### Data records:
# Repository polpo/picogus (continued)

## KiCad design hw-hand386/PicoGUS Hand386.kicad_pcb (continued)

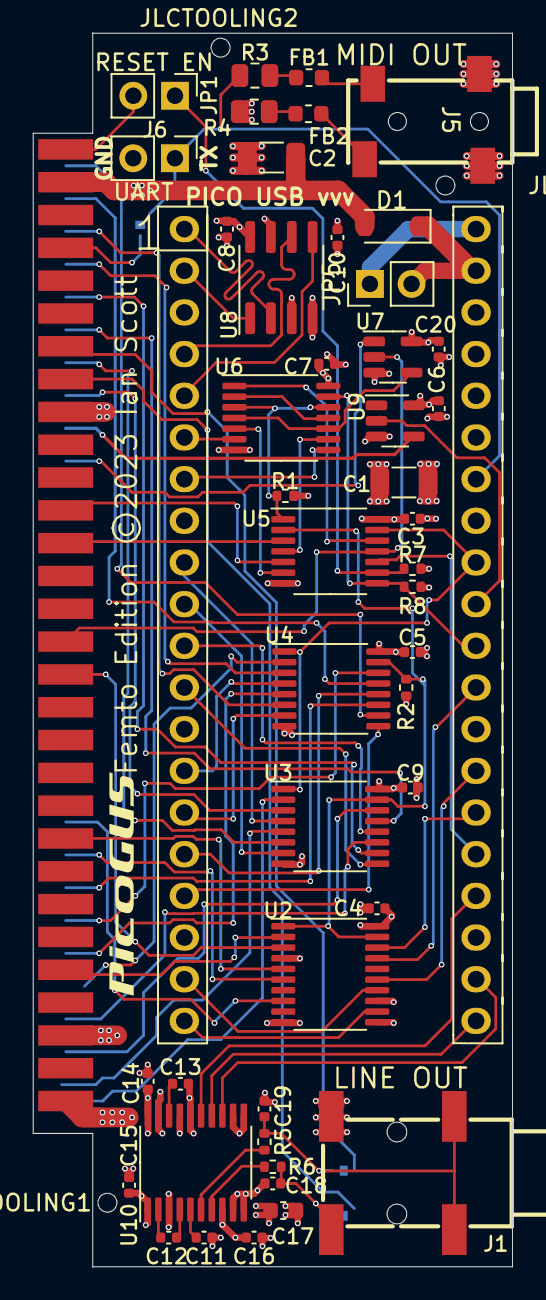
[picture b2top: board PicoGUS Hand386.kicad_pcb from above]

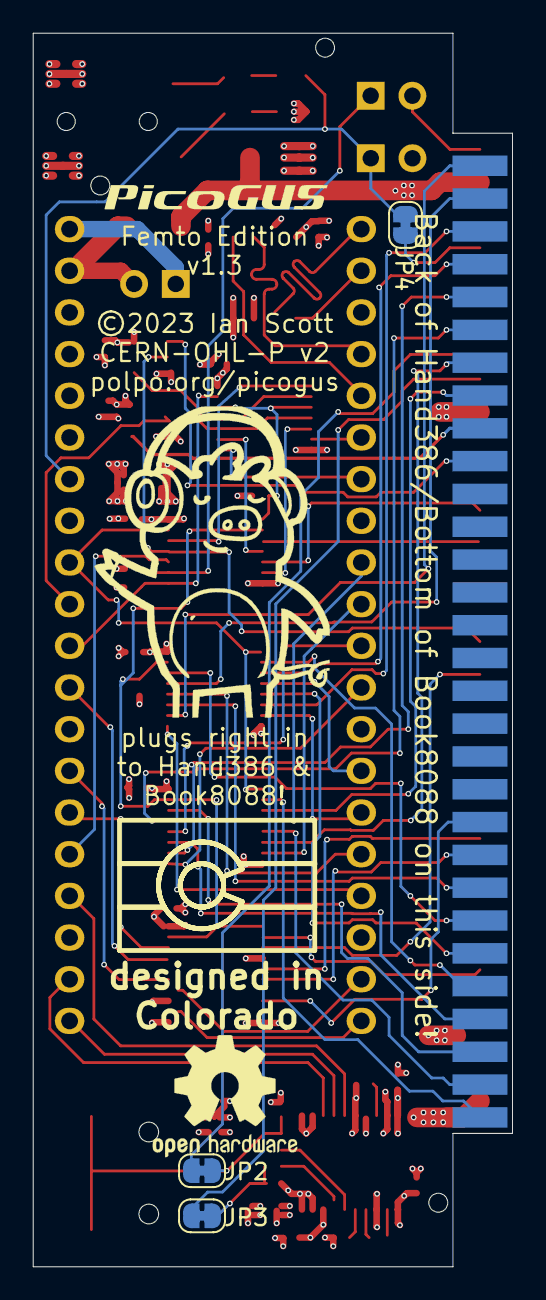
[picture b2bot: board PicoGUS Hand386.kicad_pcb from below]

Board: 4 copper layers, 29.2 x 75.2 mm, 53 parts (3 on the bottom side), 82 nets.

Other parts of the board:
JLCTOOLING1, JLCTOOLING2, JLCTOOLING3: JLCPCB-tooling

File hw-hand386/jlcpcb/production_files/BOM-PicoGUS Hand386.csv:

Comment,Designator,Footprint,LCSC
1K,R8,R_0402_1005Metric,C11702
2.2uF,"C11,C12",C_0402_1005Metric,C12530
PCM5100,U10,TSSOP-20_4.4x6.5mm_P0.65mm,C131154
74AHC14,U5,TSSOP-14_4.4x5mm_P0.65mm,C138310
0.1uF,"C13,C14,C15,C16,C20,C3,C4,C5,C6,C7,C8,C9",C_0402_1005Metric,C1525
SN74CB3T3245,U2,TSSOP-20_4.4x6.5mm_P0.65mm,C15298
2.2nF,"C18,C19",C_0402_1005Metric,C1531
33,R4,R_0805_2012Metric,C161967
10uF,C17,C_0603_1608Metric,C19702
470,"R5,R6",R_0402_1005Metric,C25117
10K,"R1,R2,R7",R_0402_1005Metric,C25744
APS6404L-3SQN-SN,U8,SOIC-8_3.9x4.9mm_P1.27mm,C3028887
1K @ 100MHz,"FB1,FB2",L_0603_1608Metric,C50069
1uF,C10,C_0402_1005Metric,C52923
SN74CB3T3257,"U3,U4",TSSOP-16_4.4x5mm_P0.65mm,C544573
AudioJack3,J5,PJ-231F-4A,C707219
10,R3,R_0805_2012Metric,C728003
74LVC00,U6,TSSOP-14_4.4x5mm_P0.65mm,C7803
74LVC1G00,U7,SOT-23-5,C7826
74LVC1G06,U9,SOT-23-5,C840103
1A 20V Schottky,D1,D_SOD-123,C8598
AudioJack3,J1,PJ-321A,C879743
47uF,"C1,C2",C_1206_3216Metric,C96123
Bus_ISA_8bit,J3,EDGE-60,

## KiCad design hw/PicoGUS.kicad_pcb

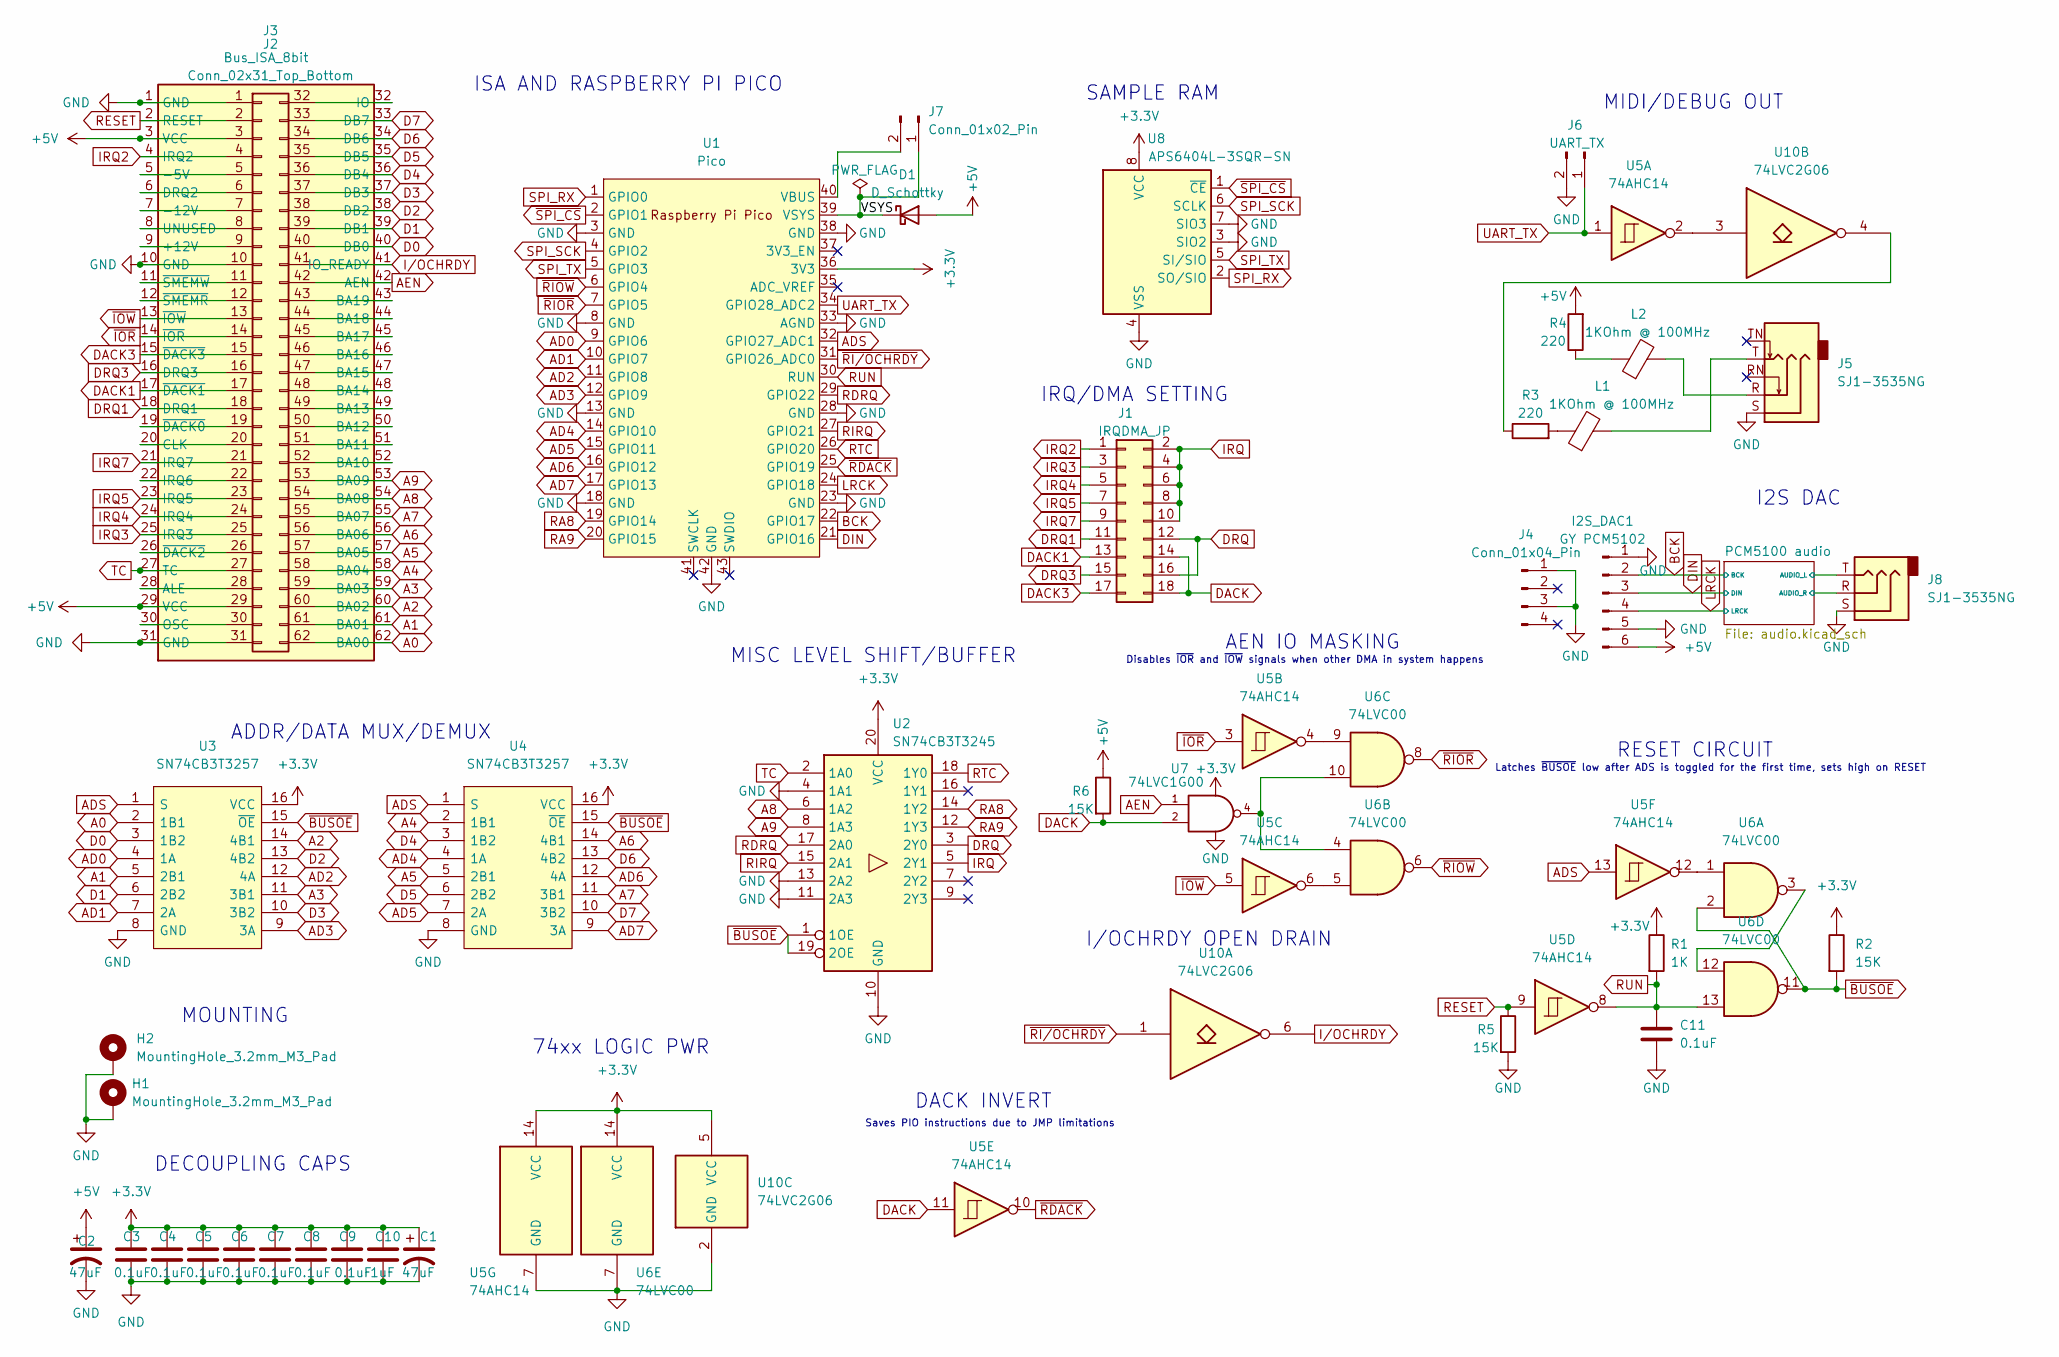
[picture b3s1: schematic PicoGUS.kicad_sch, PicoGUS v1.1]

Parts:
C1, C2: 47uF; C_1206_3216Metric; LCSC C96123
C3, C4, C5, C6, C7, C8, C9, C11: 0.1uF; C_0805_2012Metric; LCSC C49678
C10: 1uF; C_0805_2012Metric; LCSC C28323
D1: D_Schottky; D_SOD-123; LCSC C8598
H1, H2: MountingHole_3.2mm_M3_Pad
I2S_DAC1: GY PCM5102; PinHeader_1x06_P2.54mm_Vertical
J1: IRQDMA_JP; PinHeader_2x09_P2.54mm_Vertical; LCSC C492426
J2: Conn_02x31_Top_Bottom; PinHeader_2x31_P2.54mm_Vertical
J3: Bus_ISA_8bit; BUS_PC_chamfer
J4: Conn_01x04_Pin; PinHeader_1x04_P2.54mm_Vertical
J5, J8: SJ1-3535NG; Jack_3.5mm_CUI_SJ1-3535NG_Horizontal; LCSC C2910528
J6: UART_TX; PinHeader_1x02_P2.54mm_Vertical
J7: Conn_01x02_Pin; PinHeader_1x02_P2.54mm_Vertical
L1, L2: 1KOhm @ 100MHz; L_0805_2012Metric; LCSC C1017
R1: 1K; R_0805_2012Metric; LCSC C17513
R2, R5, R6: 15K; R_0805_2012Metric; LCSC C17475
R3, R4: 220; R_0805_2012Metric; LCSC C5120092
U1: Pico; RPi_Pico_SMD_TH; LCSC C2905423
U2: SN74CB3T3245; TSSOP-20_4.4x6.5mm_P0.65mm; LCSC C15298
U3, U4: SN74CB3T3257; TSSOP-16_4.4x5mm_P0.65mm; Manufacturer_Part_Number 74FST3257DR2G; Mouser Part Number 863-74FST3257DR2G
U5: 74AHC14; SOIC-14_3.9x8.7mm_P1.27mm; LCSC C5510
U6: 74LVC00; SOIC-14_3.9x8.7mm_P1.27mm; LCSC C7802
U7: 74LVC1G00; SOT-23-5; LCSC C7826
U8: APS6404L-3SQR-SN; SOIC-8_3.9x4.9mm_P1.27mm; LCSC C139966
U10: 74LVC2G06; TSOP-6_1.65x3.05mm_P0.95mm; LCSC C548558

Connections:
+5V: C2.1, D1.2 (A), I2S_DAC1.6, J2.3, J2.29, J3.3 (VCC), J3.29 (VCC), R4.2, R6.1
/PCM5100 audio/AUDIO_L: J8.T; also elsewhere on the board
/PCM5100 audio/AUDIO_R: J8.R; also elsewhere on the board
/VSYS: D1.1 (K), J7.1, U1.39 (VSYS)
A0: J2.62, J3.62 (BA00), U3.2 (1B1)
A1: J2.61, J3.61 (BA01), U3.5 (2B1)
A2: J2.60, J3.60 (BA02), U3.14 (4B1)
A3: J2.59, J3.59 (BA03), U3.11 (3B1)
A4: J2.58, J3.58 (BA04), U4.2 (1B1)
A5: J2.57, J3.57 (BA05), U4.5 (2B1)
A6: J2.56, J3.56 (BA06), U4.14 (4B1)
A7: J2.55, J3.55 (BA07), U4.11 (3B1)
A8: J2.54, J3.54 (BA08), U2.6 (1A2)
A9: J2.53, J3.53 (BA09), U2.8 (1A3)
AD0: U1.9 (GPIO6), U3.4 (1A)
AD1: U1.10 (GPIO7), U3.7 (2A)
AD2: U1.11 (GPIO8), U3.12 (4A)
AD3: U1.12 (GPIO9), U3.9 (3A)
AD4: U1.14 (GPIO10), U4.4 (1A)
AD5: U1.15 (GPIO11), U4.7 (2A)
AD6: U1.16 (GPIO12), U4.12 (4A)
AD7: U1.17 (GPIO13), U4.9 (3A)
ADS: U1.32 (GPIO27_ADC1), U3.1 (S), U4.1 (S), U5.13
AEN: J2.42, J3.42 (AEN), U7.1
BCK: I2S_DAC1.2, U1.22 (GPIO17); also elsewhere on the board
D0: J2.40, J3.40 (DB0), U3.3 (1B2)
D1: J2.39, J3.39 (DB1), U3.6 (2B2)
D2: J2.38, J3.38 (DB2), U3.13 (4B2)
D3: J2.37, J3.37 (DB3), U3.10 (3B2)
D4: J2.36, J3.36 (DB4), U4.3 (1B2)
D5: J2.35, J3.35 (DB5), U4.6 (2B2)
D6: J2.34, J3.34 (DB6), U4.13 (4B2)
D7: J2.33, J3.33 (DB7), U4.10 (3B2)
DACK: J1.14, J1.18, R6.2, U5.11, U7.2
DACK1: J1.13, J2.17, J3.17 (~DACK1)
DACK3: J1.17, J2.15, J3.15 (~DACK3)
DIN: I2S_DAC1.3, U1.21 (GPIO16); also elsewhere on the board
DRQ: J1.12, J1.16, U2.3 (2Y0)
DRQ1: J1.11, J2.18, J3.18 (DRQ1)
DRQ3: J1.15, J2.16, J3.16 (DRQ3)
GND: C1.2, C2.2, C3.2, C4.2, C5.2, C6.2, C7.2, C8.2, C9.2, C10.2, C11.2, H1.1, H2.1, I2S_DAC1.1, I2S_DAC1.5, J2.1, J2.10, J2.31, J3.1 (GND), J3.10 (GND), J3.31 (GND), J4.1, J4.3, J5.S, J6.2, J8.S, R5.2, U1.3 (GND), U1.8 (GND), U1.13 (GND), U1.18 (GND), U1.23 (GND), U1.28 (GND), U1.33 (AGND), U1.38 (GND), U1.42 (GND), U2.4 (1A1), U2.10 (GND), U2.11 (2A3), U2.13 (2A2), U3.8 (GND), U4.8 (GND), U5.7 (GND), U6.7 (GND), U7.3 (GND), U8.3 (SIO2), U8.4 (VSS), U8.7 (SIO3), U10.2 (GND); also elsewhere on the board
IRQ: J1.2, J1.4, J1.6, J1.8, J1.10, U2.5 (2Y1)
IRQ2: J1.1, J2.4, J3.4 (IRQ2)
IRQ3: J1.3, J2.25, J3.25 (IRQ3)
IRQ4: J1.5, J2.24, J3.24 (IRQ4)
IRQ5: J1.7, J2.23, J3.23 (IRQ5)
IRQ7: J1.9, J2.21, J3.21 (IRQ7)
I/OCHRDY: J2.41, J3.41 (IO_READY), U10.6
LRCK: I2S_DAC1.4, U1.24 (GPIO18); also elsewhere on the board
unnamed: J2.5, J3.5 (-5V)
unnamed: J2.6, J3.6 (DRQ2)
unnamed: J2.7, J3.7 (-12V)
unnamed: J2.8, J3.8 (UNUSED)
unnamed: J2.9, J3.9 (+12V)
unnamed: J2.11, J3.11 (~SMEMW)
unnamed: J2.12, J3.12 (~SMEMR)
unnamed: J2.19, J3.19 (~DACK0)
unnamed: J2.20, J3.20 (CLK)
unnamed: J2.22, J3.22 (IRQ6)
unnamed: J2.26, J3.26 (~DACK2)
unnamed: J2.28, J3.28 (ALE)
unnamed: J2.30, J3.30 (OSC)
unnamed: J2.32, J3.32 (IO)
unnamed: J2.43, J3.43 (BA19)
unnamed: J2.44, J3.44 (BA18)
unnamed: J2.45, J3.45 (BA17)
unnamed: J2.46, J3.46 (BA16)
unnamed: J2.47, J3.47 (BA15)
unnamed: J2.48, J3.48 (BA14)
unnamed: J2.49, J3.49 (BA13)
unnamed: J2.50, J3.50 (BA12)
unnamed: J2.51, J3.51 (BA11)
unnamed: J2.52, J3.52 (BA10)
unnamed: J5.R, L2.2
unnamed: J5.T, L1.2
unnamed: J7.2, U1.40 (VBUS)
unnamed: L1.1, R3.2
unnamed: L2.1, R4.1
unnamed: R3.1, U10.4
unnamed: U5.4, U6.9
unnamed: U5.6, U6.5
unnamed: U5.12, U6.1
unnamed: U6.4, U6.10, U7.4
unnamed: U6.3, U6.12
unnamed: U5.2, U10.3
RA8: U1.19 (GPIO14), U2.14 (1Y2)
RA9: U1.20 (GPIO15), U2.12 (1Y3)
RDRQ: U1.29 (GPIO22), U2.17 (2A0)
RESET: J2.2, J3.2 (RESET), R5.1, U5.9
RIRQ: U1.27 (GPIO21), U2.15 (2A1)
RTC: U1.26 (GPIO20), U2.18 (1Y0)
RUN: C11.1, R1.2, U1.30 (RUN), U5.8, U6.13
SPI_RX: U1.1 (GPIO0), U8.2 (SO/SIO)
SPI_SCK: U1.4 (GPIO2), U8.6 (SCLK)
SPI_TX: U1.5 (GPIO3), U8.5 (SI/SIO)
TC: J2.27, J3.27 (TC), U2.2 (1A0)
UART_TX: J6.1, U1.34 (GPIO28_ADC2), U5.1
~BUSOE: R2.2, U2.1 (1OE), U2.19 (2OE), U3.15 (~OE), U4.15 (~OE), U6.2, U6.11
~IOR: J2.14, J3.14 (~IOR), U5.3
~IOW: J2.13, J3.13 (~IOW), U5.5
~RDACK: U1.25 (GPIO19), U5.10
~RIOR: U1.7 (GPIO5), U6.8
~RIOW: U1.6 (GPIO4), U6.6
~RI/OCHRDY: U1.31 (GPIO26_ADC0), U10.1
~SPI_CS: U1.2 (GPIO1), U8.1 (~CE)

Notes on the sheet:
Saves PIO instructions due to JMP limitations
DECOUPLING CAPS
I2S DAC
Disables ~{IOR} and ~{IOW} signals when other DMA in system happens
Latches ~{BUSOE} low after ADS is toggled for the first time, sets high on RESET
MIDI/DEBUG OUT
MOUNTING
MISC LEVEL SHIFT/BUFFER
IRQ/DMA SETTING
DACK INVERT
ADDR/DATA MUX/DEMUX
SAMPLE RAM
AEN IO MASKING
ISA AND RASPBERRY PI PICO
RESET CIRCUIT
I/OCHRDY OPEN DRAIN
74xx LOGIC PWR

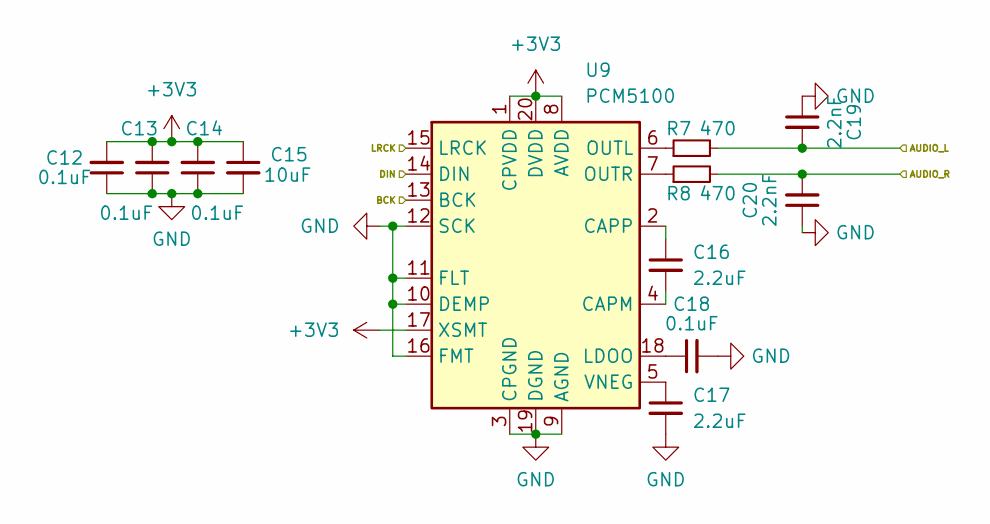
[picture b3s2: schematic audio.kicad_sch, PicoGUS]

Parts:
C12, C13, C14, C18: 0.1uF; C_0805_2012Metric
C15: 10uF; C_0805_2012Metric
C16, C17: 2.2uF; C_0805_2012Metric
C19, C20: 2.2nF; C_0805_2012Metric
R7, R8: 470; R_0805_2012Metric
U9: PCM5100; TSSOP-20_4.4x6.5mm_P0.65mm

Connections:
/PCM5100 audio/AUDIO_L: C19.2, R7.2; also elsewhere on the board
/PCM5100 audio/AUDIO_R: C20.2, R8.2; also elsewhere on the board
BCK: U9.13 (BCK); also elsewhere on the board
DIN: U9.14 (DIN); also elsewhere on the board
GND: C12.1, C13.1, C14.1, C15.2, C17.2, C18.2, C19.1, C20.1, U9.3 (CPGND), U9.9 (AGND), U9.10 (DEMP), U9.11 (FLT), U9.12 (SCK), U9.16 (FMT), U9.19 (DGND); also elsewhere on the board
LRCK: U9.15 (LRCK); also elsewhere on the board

### What you will do:
Please output exactly the lines between the one holding "A1: J2.61, J3.61 (BA01), U3.5 (2B1)" and the one holding "AEN: J2.42, J3.42 (AEN), U7.1" in the records above, inclusive, and nothing more.

### Exercise output:
A1: J2.61, J3.61 (BA01), U3.5 (2B1)
A2: J2.60, J3.60 (BA02), U3.14 (4B1)
A3: J2.59, J3.59 (BA03), U3.11 (3B1)
A4: J2.58, J3.58 (BA04), U4.2 (1B1)
A5: J2.57, J3.57 (BA05), U4.5 (2B1)
A6: J2.56, J3.56 (BA06), U4.14 (4B1)
A7: J2.55, J3.55 (BA07), U4.11 (3B1)
A8: J2.54, J3.54 (BA08), U2.6 (1A2)
A9: J2.53, J3.53 (BA09), U2.8 (1A3)
AD0: U1.9 (GPIO6), U3.4 (1A)
AD1: U1.10 (GPIO7), U3.7 (2A)
AD2: U1.11 (GPIO8), U3.12 (4A)
AD3: U1.12 (GPIO9), U3.9 (3A)
AD4: U1.14 (GPIO10), U4.4 (1A)
AD5: U1.15 (GPIO11), U4.7 (2A)
AD6: U1.16 (GPIO12), U4.12 (4A)
AD7: U1.17 (GPIO13), U4.9 (3A)
ADS: U1.32 (GPIO27_ADC1), U3.1 (S), U4.1 (S), U5.13
AEN: J2.42, J3.42 (AEN), U7.1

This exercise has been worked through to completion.